Assessment of real life eating difficulties in Parkinson's disease patients by measuring plate to mouth movement elongation with inertial sensors.

Parkinson's disease (PD) is a neurodegenerative disorder with both motor and non-motor symptoms. Despite the progressive nature of PD, early diagnosis, tracking the disease's natural history and measuring the drug response are factors that play a major role in determining the quality of life of the affected individual. Apart from the common motor symptoms, i.e., tremor at rest, rigidity and bradykinesia, studies suggest that PD is associated with disturbances in eating behavior and energy intake. Specifically, PD is associated with drug-induced impulsive eating disorders such as binge eating, appetite-related non-motor issues such as weight loss and/or gain as well as dysphagia-factors that correlate with difficulties in completing day-to-day eating-related tasks. In this work we introduce Plate-to-Mouth (PtM), an indicator that relates with the time spent for the hand operating the utensil to transfer a quantity of food from the plate into the mouth during the course of a meal. We propose a two-step approach towards the objective calculation of PtM. Initially, we use the 3D acceleration and orientation velocity signals from an off-the-shelf smartwatch to detect the bite moments and upwards wrist micromovements that occur during a meal session.
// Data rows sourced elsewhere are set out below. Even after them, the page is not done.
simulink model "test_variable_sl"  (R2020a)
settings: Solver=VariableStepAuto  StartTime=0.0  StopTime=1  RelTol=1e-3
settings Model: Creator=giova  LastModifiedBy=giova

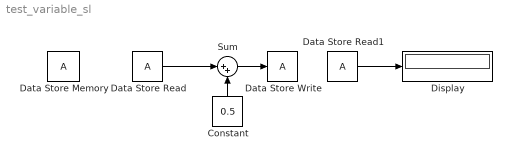
== system test_variable_sl ==
  Constant : Constant  Value=0.5
  Data Store Memory : DataStoreMemory  ReadBeforeWriteMsg=warning  WriteAfterWriteMsg=warning  WriteAfterReadMsg=warning  ShowAdditionalParam=off
  Data Store Read : DataStoreRead  SampleTime=-0
  Data Store Read1 : DataStoreRead
  Data Store Write : DataStoreWrite
  Display : Display
  Sum : Sum  Inputs=|++
  wires:
  Data Store Read/1 -> Sum/1
  Constant/1 -> Sum/2
  Sum/1 -> Data Store Write/1
  Data Store Read1/1 -> Display/1
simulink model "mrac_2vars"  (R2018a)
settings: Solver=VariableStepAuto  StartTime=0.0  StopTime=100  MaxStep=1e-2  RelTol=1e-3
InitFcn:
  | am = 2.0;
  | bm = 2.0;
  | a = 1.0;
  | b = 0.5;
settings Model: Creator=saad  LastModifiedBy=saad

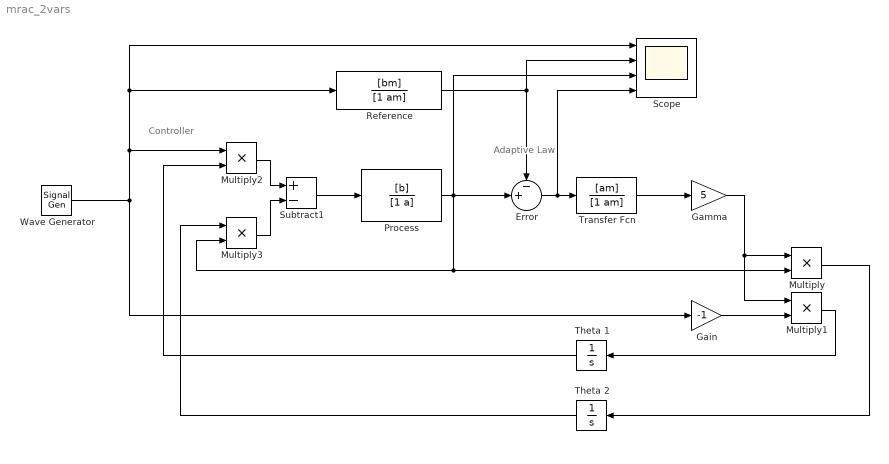
== system mrac_2vars ==
  note: Adaptive Law
  note: Controller
  Error : Sum  Inputs=-+|
  Gain : Gain  Gain=-1
  Gamma : Gain  Gain=5
  Multiply{,1..3} (4 alike) : Product
  Process : TransferFcn  Numerator=[b]  Denominator=[1 a]
  Reference : TransferFcn  Numerator=[bm]  Denominator=[1 am]
  "Scope " : Scope  NumInputPorts=4
  Subtract1 : Sum  Inputs=+-
  Theta 1 : Integrator
  Theta 2 : Integrator
  Transfer Fcn : TransferFcn  Numerator=[am]  Denominator=[1 am]
  Wave Generator : SignalGenerator  Amplitude=-1  Frequency=1/20
  wires:
  Wave Generator/1 -> Multiply2/1, "Scope "/1, Reference/1, Gain/1
  Process/1 -> Multiply3/2, Multiply/2, "Scope "/3, Error/2
  Reference/1 -> Error/1, "Scope "/2
  Error/1 -> "Scope "/4, Transfer Fcn/1
  Transfer Fcn/1 -> Gamma/1
  Gamma/1 -> Multiply/1, Multiply1/1
  Gain/1 -> Multiply1/2
  Multiply/1 -> Theta 2/1
  Multiply1/1 -> Theta 1/1
  Theta 1/1 -> Multiply2/2
  Theta 2/1 -> Multiply3/1
  Subtract1/1 -> Process/1
  Multiply2/1 -> Subtract1/1
  Multiply3/1 -> Subtract1/2

Afterwards, we process the upwards hand micromovements that appear prior to every detected bite during the meal in order to estimate the bite's PtM duration. Finally, we use a density-based scheme to estimate the PtM durations distribution and form the in-meal eating behavior profile of the subject. In the results section, we provide validation for every step of the process independently, as well as showcase our findings using a total of three datasets, one collected in a controlled clinical setting using standardized meals (with a total of 28 meal sessions from 7 Healthy Controls (HC) and 21 PD patients) and two collected in-the-wild under free living conditions (37 meals from 4 HC/10 PD patients and 629 meals from 3 HC/3 PD patients, respectively). Experimental results reveal an Area Under the Curve (AUC) of 0.748 for the clinical dataset and 0.775/1.000 for the in-the-wild datasets towards the classification of in-meal eating behavior profiles to the PD or HC group. This is the first work that attempts to use wearable Inertial Measurement Unit (IMU) sensor data, collected both in clinical and in-the-wild settings, towards the extraction of an objective eating behavior indicator for PD.